是否可以使用 quanteda 的 kwic 函数来做到这一点?
示例:
dataset <- data.frame("patient" = 1:9, "text" = c("On his first appointment, the patient was suicidal when he showed up in my office",
"On his first appointment, the patient was suicidaa when he showed up in my office",
"On his first appointment, the patient was suiciaaa when he showed up in my office",
"On his first appointment, the patient was suicaaal when he showed up in my office",
"On his first appointment, the patient was suiaaaal when he showed up in my office",
"On his first appointment, the patient was saacidal when he showed up in my office",
"On his first appointment, the patient was suaaadal when he showed up in my office",
"On his first appointment, the patient was icidal when he showed up in my office",
"On his first appointment, the patient was uicida when he showed up in my office"))
dataset$text <- as.character(dataset$text)
kwic(dataset$text, pattern = "suicidal", window = 5)
只会给我第一个拼写正确的句子。
好问题。我们没有像 "valuetype" 这样的近似匹配,但这对未来的发展来说是一个有趣的想法。与此同时,我建议使用 base::agrep()

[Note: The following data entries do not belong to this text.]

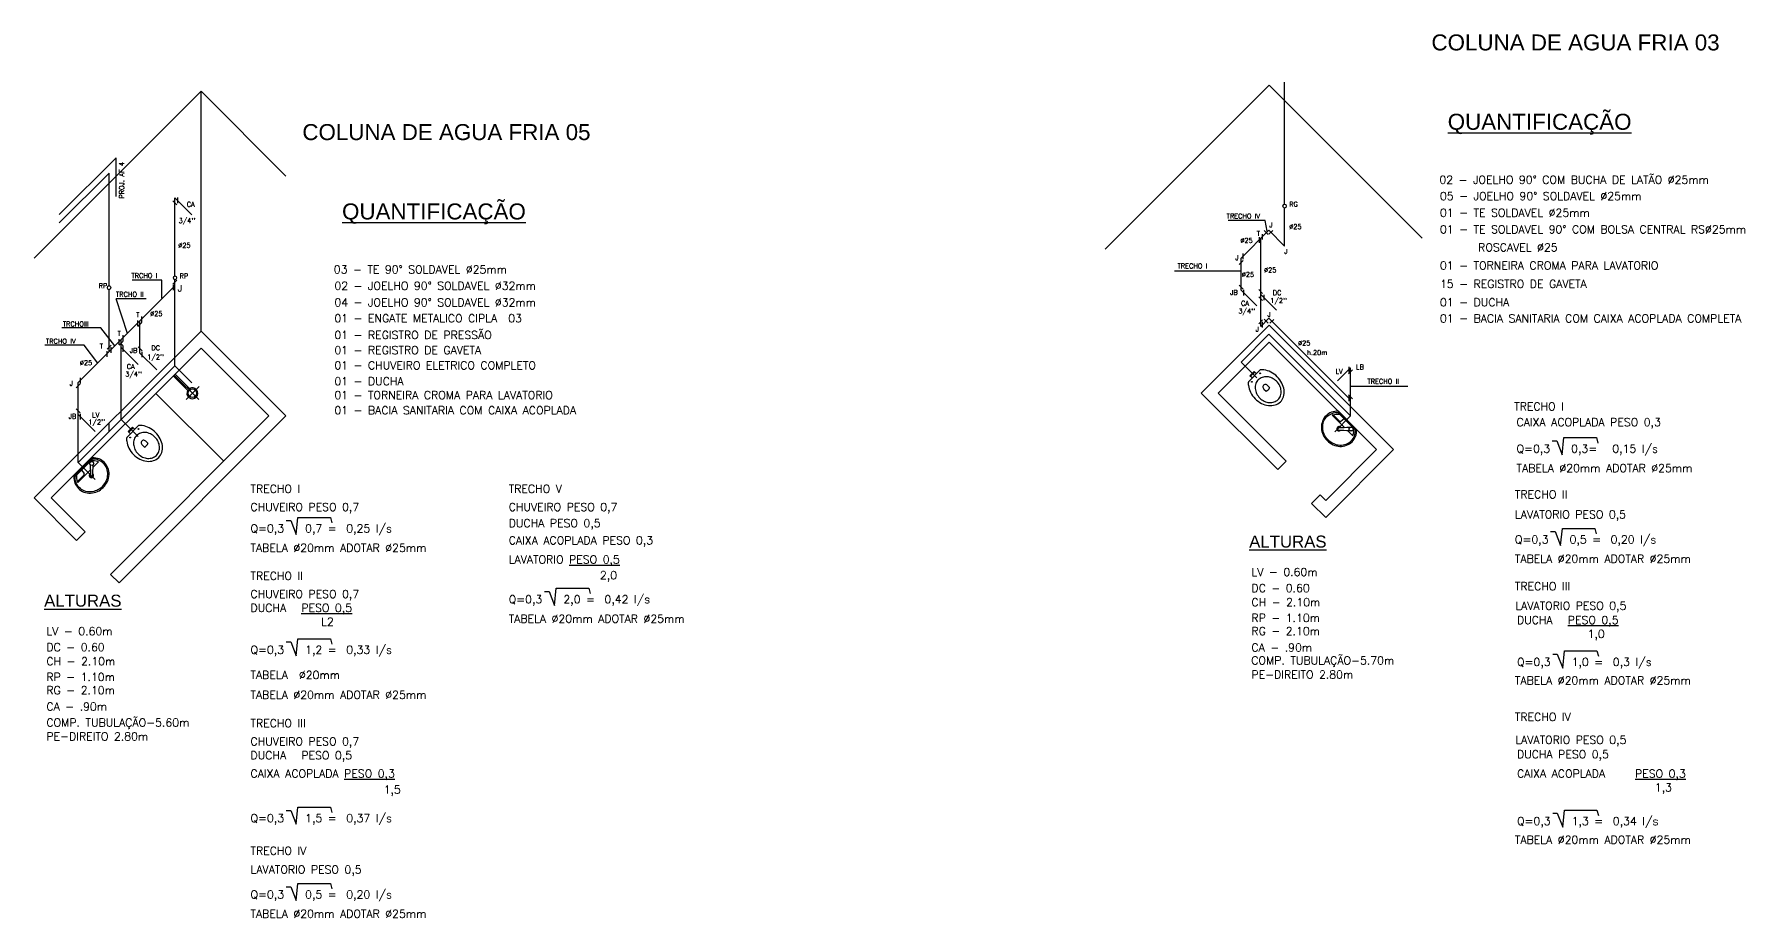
# Model space of a CAD drawing. Extents: x 128 to 467, y 149 to 441.
# Drawn here: x 175.96 to 197.34, y 207.21 to 218.25 of the extents above; entities that cross this region are included whole.
import ezdxf

# ---------------------------------------------------------------- set-up
doc = ezdxf.new("R2010")
doc.units = 0
doc.layers.get('0').update_dxf_attribs({"linetype": 'CONTINUOUS'})
for name, color, linetype in [('BAN', 11, 'CONTINUOUS'), ('PAREDE', 7, 'CONTINUOUS'), ('PEÇAS', 2, 'CONTINUOUS'), ('T1', 3, 'CONTINUOUS'), ('TUBULAÇÃO', 5, 'CONTINUOUS')]:
    doc.layers.add(name, color=color, linetype=linetype)
doc.styles.add('ARIAL', font='arial.ttf')
doc.styles.add('STYLE1', font='simplex.shx')

# ---------------------------------------------------------------- blocks, each defined once
blk = doc.blocks.new('VAS-E-PL')
at = {"layer": 'BAN'}
for p, q in [((0.14, 0.037), (0.1, 0.037)), ((0.1, 0.037), (0.1, -0.038)), ((0.11, 0.037), (0.11, -0.038)), ((0.14, 0.105), (0.14, -0.105)), ((0.341, 0.031), (0.381, 0.031)), ((0.14, -0.038), (0.1, -0.038)), ((0.343, -0.032), (0.381, -0.032))]:
    blk.add_line(p, q, dxfattribs=at)
for points in [[(0.6, 0, 0.122907), (0.582, 0.072, 0.10548), (0.527, 0.138, 0.087588), (0.448, 0.179, 0.078107), (0.35, 0.195, 0.078107), (0.252, 0.179, 0.087588), (0.173, 0.138, 0.056618), (0.14, 0.105, 0.122907)], [(0.14, -0.105, 0.056618), (0.173, -0.138, 0.087588), (0.252, -0.179, 0.078107), (0.35, -0.195, 0.078107), (0.448, -0.179, 0.087588), (0.527, -0.138, 0.10548), (0.582, -0.072, 0.122907), (0.6, 0, 0.122907)]]:
    blk.add_lwpolyline(points, format="xyb", dxfattribs=at)
blk.add_lwpolyline([(0.21, 0, 0.114163), (0.223, -0.055, 0.103661), (0.261, -0.105, 0.091605), (0.317, -0.137, 0.084587), (0.385, -0.148, 0.084587), (0.453, -0.137, 0.091605), (0.509, -0.105, 0.103661), (0.547, -0.055, 0.114163), (0.56, 0, 0.114163), (0.547, 0.055, 0.103661), (0.509, 0.105, 0.091605), (0.453, 0.137, 0.084587), (0.385, 0.148, 0.084587), (0.317, 0.137, 0.091605), (0.261, 0.105, 0.103661), (0.223, 0.055, 0.114163)], format="xyb", close=True, dxfattribs=at)
for centre in [(0.17, 0.075), (0.17, -0.075)]:
    blk.add_circle(centre, 0.005, dxfattribs=at)
for centre, radius, start, end in [((0.336, -0.001), 0.0316, 81.9676, 282.3031), ((0.31, -0.001), 0.0772, 336.3943, 23.8881)]:
    blk.add_arc(centre, radius, start, end, dxfattribs=at)
blk = doc.blocks.new('LVT-E-PL')
at = {"layer": 'BAN'}
for p, q in [((0, -0.161), (0, 0.161)), ((0.012, 0.117), (0.037, 0.143)), ((0.025, 0.13), (0.012, 0.117)), ((0.015, 0.12), (0.015, 0.155)), ((0.015, -0.155), (0.015, 0.111)), ((0.025, 0.13), (0.037, 0.143)), ((0.09, 0.09), (0.09, 0.182)), ((0.09, -0.182), (0.09, 0.041)), ((0.016, -0.041), (0.068, -0.049)), ((0.081, -0.063), (0.081, -0.169)), ((0.16, -0.017), (0.172, -0.006)), ((0.166, -0.012), (0.172, -0.006))]:
    blk.add_line(p, q, dxfattribs=at)
for points in [[(0.15, -0.23, 0.106878), (0.229, -0.213, 0.101579), (0.298, -0.163, 0.094885), (0.344, -0.089, 0.090639), (0.36, 0, 0.090639), (0.344, 0.089, 0.094885), (0.298, 0.163, 0.101579), (0.229, 0.213, 0.106878), (0.15, 0.23, 0.106878), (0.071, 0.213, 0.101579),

生成一个固定模糊匹配列表,然后在这些匹配项上进行匹配。所以这看起来像:
library("quanteda")
## Package version: 1.5.2
dataset <- data.frame(
"patient" = 1:9, "text" = c(
"On his first appointment, the patient was suicidal when he showed up in my office",
"On his first appointment, the patient was suicidaa when he showed up in my office",
"On his first appointment, the patient was suiciaaa when he showed up in my office",
"On his first appointment, the patient was suicaaal when he showed up in my office",
"On his first appointment, the patient was suiaaaal when he showed up in my office",
"On his first appointment, the patient was saacidal when he showed up in my office",
"On his first appointment, the patient was suaaadal when he showed up in my office",
"On his first appointment, the patient was icidal when he showed up in my office",
"On his first appointment, the patient was uicida when he showed up in my office"
),
stringsAsFactors = FALSE
)
corp <- corpus(dataset)
# get unique words
vocab <- tokens(corp, remove_numbers = TRUE, remove_punct = TRUE) %>%
types()
使用 agrep()
生成最接近的模糊匹配 - 在这里我 运行 几次,每次从默认值 0.1 稍微增加 max.distance
。
# get closest matches to "suicidal"
near_matches <- agrep("suicidal", vocab,
max.distance = 0.3,
ignore.case = TRUE, fixed = TRUE, value = TRUE
)
near_matches
## [1] "suicidal" "suicidaa" "suiciaaa" "suicaaal" "suiaaaal" "saacidal" "suaaadal"
## [8] "icidal" "uicida"
然后,将其用作 kwic()
的 pattern
参数:
# use these for fuzzy matching
kwic(corp, near_matches, window = 3)
##
## [text1, 9] the patient was | suicidal | when he showed
## [text2, 9] the patient was | suicidaa | when he showed
## [text3, 9] the patient was | suiciaaa | when he showed
## [text4, 9] the patient was | suicaaal | when he showed
## [text5, 9] the patient was | suiaaaal | when he showed
## [text6, 9] the patient was | saacidal | when he showed
## [text7, 9] the patient was | suaaadal | when he showed
## [text8, 9] the patient was | icidal | when he showed
## [text9, 9] the patient was | uicida | when he showed
还有其他基于类似解决方案的可能性,例如 fuzzyjoin 或 stringdist 包,但这是来自基础 应该运行良好的包。